WHAT THE TASK REQUIRES: Exactly the lines from the opening of the data through the line containing "VSM : Subsystem" should be reproduced, please, with nothing added.

(Beginning of RECORDS TO USE)

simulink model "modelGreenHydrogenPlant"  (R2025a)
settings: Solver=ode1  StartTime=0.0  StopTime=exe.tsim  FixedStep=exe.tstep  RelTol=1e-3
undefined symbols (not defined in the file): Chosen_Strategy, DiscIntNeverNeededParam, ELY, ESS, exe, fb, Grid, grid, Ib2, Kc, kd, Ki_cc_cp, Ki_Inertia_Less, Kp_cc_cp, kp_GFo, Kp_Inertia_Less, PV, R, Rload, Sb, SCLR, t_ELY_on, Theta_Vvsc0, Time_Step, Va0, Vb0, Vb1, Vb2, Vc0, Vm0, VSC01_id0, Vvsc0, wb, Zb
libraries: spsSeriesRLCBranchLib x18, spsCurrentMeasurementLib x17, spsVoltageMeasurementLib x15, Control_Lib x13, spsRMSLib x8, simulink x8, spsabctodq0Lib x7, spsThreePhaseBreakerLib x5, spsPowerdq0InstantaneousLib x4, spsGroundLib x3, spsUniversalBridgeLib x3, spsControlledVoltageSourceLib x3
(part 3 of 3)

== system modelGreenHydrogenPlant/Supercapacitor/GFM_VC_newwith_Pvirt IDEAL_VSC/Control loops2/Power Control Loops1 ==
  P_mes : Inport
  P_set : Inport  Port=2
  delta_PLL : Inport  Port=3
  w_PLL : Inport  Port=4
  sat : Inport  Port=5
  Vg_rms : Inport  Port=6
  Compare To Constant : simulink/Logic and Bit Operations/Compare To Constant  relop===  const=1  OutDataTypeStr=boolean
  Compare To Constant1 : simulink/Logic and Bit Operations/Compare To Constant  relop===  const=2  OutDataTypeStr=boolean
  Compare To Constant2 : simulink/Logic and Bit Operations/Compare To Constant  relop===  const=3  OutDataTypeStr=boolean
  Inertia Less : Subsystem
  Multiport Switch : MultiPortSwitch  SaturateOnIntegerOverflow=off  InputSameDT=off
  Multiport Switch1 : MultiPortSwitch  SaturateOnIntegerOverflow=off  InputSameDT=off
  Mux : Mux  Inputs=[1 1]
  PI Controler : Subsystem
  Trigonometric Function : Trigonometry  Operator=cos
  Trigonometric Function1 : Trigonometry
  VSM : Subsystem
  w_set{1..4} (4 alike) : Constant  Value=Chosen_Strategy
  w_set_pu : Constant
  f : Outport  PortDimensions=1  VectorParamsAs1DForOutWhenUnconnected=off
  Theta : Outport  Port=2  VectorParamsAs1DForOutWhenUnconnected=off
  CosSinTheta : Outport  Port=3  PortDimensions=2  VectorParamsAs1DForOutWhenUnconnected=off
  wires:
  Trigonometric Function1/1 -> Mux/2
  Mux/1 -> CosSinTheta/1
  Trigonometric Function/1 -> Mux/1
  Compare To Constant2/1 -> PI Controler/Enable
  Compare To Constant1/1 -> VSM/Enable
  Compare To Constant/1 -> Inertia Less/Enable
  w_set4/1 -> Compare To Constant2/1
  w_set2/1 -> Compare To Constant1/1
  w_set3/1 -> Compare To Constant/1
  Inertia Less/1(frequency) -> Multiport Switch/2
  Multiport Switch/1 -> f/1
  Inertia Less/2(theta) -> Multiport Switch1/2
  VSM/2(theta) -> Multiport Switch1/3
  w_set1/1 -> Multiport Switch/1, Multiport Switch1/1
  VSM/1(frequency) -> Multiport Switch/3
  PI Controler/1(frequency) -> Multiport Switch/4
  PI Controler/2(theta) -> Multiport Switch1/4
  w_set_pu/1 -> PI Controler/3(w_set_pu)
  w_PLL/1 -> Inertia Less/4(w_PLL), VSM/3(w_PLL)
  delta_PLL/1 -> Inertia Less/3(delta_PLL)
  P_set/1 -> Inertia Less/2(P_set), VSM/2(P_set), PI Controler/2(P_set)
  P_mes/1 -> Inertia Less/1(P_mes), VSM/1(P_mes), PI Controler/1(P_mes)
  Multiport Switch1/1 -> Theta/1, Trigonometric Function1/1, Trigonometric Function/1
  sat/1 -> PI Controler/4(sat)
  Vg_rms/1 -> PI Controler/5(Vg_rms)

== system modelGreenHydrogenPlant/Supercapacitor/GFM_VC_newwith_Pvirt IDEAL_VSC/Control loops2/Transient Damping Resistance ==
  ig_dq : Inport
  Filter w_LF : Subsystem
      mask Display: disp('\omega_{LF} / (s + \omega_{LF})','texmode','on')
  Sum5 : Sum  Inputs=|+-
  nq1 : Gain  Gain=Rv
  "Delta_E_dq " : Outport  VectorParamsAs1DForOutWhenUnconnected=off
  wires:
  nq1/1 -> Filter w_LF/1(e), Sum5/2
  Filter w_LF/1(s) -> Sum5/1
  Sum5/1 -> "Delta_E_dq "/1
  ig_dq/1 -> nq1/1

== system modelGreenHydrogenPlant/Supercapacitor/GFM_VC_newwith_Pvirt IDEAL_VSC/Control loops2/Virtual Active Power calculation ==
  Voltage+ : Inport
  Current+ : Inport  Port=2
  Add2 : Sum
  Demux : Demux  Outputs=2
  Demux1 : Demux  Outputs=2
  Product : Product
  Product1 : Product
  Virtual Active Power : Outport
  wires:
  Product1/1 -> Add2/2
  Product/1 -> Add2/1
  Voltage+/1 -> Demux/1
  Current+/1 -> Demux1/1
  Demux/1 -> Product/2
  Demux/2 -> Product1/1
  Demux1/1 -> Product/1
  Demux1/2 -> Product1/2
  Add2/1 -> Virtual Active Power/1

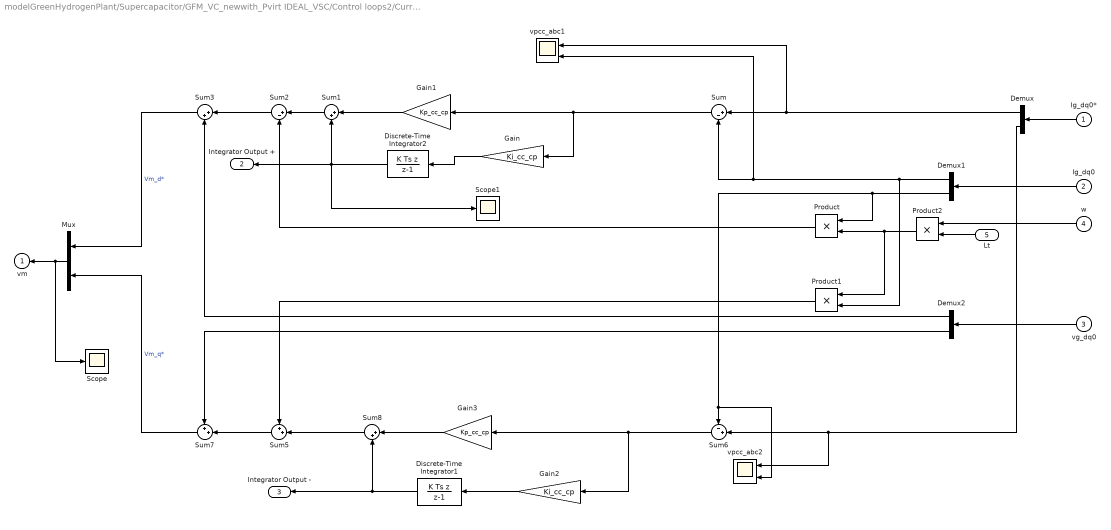
== system modelGreenHydrogenPlant/Supercapacitor/GFM_VC_newwith_Pvirt IDEAL_VSC/Control loops2/Current Limitation2/Current control ==
  Ig_dq0* : Inport
  Ig_dq0 : Inport  Port=2
  vg_dq0 : Inport  Port=3
  w : Inport  Port=4
  Lt : Inport  Port=5
  Demux : Demux  Outputs=2
  Demux1 : Demux  Outputs=2
  Demux2 : Demux  Outputs=2
  Discrete-Time Integrator1 : DiscreteIntegrator  IntegratorMethod=Integration: Backward Euler  SampleTime=Output_Delay  ICPrevOutput=DiscIntNeverNeededParam  ICPrevScaledInput=DiscIntNeverNeededParam
  Discrete-Time Integrator2 : DiscreteIntegrator  IntegratorMethod=Integration: Backward Euler  SampleTime=Output_Delay  ICPrevOutput=DiscIntNeverNeededParam  ICPrevScaledInput=DiscIntNeverNeededParam
  Gain : Gain  Gain=Ki_cc_cp
  Gain1 : Gain  Gain=Kp_cc_cp
  Gain2 : Gain  Gain=Ki_cc_cp
  Gain3 : Gain  Gain=Kp_cc_cp
  Mux : Mux  Inputs=2
  Product : Product  RndMeth=Zero
  Product1 : Product  RndMeth=Zero
  Product2 : Product  RndMeth=Zero
  Scope : Scope
      settings: ActiveDisplayYMinimum=-10.97849  ActiveDisplayYMaximum=3.98239
  Scope1 : Scope
      settings: ActiveDisplayYMinimum=-0.00069  ActiveDisplayYMaximum=0.00696
  Sum : Sum  Inputs=|+-
  Sum1 : Sum  Inputs=|++
  Sum2 : Sum  Inputs=|+-
  Sum3 : Sum  Inputs=|++
  Sum5 : Sum  Inputs=++|
  Sum6 : Sum  Inputs=-+|
  Sum7 : Sum  Inputs=++|
  Sum8 : Sum  Inputs=|++
  vpcc_abc1 : Scope  NumInputPorts=2
      settings: ActiveDisplayYMinimum=-0.30175  ActiveDisplayYMaximum=1.48559  DataLoggingVariableName=ScopeData2
  vpcc_abc2 : Scope  NumInputPorts=2
      settings: ActiveDisplayYMinimum=-1.30263  ActiveDisplayYMaximum=0.92364
  vm : Outport  InitialOutput=0  VectorParamsAs1DForOutWhenUnconnected=off
  Integrator Output + : Outport  Port=2
  Integrator Output - : Outport  Port=3
  wires:
  w/1 -> Product2/1
  Sum/1 -> Gain/1, Gain1/1
  Sum7/1 -> Mux/2  "Vm_q*"
  Sum3/1 -> Mux/1  "Vm_d*"
  Sum5/1 -> Sum7/2
  Product1/1 -> Sum5/1
  Demux/2 -> vpcc_abc2/1, Sum6/2
  Sum2/1 -> Sum3/1
  Product/1 -> Sum2/2
  Product2/1 -> Product1/1, Product/2
  Demux1/1 -> vpcc_abc1/2, Sum/2, Product1/2
  Ig_dq0/1 -> Demux1/1
  vg_dq0/1 -> Demux2/1
  Ig_dq0*/1 -> Demux/1
  Mux/1 -> Scope/1, vm/1
  Demux1/2 -> vpcc_abc2/2, Sum6/1, Product/1
  Demux2/1 -> Sum3/2
  Sum1/1 -> Sum2/1
  Sum8/1 -> Sum5/2
  Demux2/2 -> Sum7/1
  Gain/1 -> Discrete-Time Integrator2/1
  Gain1/1 -> Sum1/1
  Gain3/1 -> Sum8/1
  Gain2/1 -> Discrete-Time Integrator1/1
  Sum6/1 -> Gain2/1, Gain3/1
  Discrete-Time Integrator1/1 -> Sum8/2, Integrator Output -/1
  Lt/1 -> Product2/2
  Demux/1 -> vpcc_abc1/1, Sum/1
  Discrete-Time Integrator2/1 -> Integrator Output +/1, Scope1/1, Sum1/2

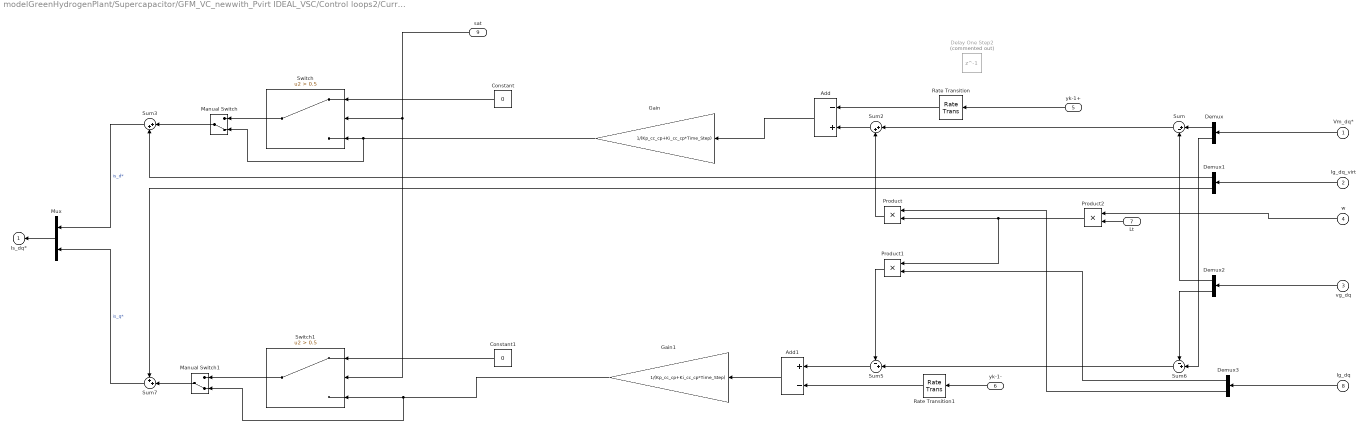
== system modelGreenHydrogenPlant/Supercapacitor/GFM_VC_newwith_Pvirt IDEAL_VSC/Control loops2/Current Limitation2/Inverse Current control ==
  Vm_dq* : Inport
  Ig_dq_virt : Inport  Port=2
  vg_dq : Inport  Port=3
  w : Inport  Port=4
  yk-1+ : Inport  Port=5
  yk-1- : Inport  Port=6
  Lt : Inport  Port=7
  Ig_dq : Inport  Port=8
  sat : Inport  Port=9
  Add : Sum  Inputs=-+
  Add1 : Sum  Inputs=+-
  Constant : Constant  Value=0
  Constant1 : Constant  Value=0
  Delay One Step2 : Delay  Commented=on  DelayLength=1  SampleTime=Time_Step
  Demux{,1..3} (4 alike) : Demux  Outputs=2
  Gain : Gain  Gain=1/(Kp_cc_cp+Ki_cc_cp*Time_Step)
  Gain1 : Gain  Gain=1/(Kp_cc_cp+Ki_cc_cp*Time_Step)
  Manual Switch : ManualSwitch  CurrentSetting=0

(End of RECORDS TO USE)

WRITTEN SOLUTION:
simulink model "modelGreenHydrogenPlant"  (R2025a)
settings: Solver=ode1  StartTime=0.0  StopTime=exe.tsim  FixedStep=exe.tstep  RelTol=1e-3
undefined symbols (not defined in the file): Chosen_Strategy, DiscIntNeverNeededParam, ELY, ESS, exe, fb, Grid, grid, Ib2, Kc, kd, Ki_cc_cp, Ki_Inertia_Less, Kp_cc_cp, kp_GFo, Kp_Inertia_Less, PV, R, Rload, Sb, SCLR, t_ELY_on, Theta_Vvsc0, Time_Step, Va0, Vb0, Vb1, Vb2, Vc0, Vm0, VSC01_id0, Vvsc0, wb, Zb
libraries: spsSeriesRLCBranchLib x18, spsCurrentMeasurementLib x17, spsVoltageMeasurementLib x15, Control_Lib x13, spsRMSLib x8, simulink x8, spsabctodq0Lib x7, spsThreePhaseBreakerLib x5, spsPowerdq0InstantaneousLib x4, spsGroundLib x3, spsUniversalBridgeLib x3, spsControlledVoltageSourceLib x3
(part 3 of 3)

== system modelGreenHydrogenPlant/Supercapacitor/GFM_VC_newwith_Pvirt IDEAL_VSC/Control loops2/Power Control Loops1 ==
  P_mes : Inport
  P_set : Inport  Port=2
  delta_PLL : Inport  Port=3
  w_PLL : Inport  Port=4
  sat : Inport  Port=5
  Vg_rms : Inport  Port=6
  Compare To Constant : simulink/Logic and Bit Operations/Compare To Constant  relop===  const=1  OutDataTypeStr=boolean
  Compare To Constant1 : simulink/Logic and Bit Operations/Compare To Constant  relop===  const=2  OutDataTypeStr=boolean
  Compare To Constant2 : simulink/Logic and Bit Operations/Compare To Constant  relop===  const=3  OutDataTypeStr=boolean
  Inertia Less : Subsystem
  Multiport Switch : MultiPortSwitch  SaturateOnIntegerOverflow=off  InputSameDT=off
  Multiport Switch1 : MultiPortSwitch  SaturateOnIntegerOverflow=off  InputSameDT=off
  Mux : Mux  Inputs=[1 1]
  PI Controler : Subsystem
  Trigonometric Function : Trigonometry  Operator=cos
  Trigonometric Function1 : Trigonometry
  VSM : Subsystem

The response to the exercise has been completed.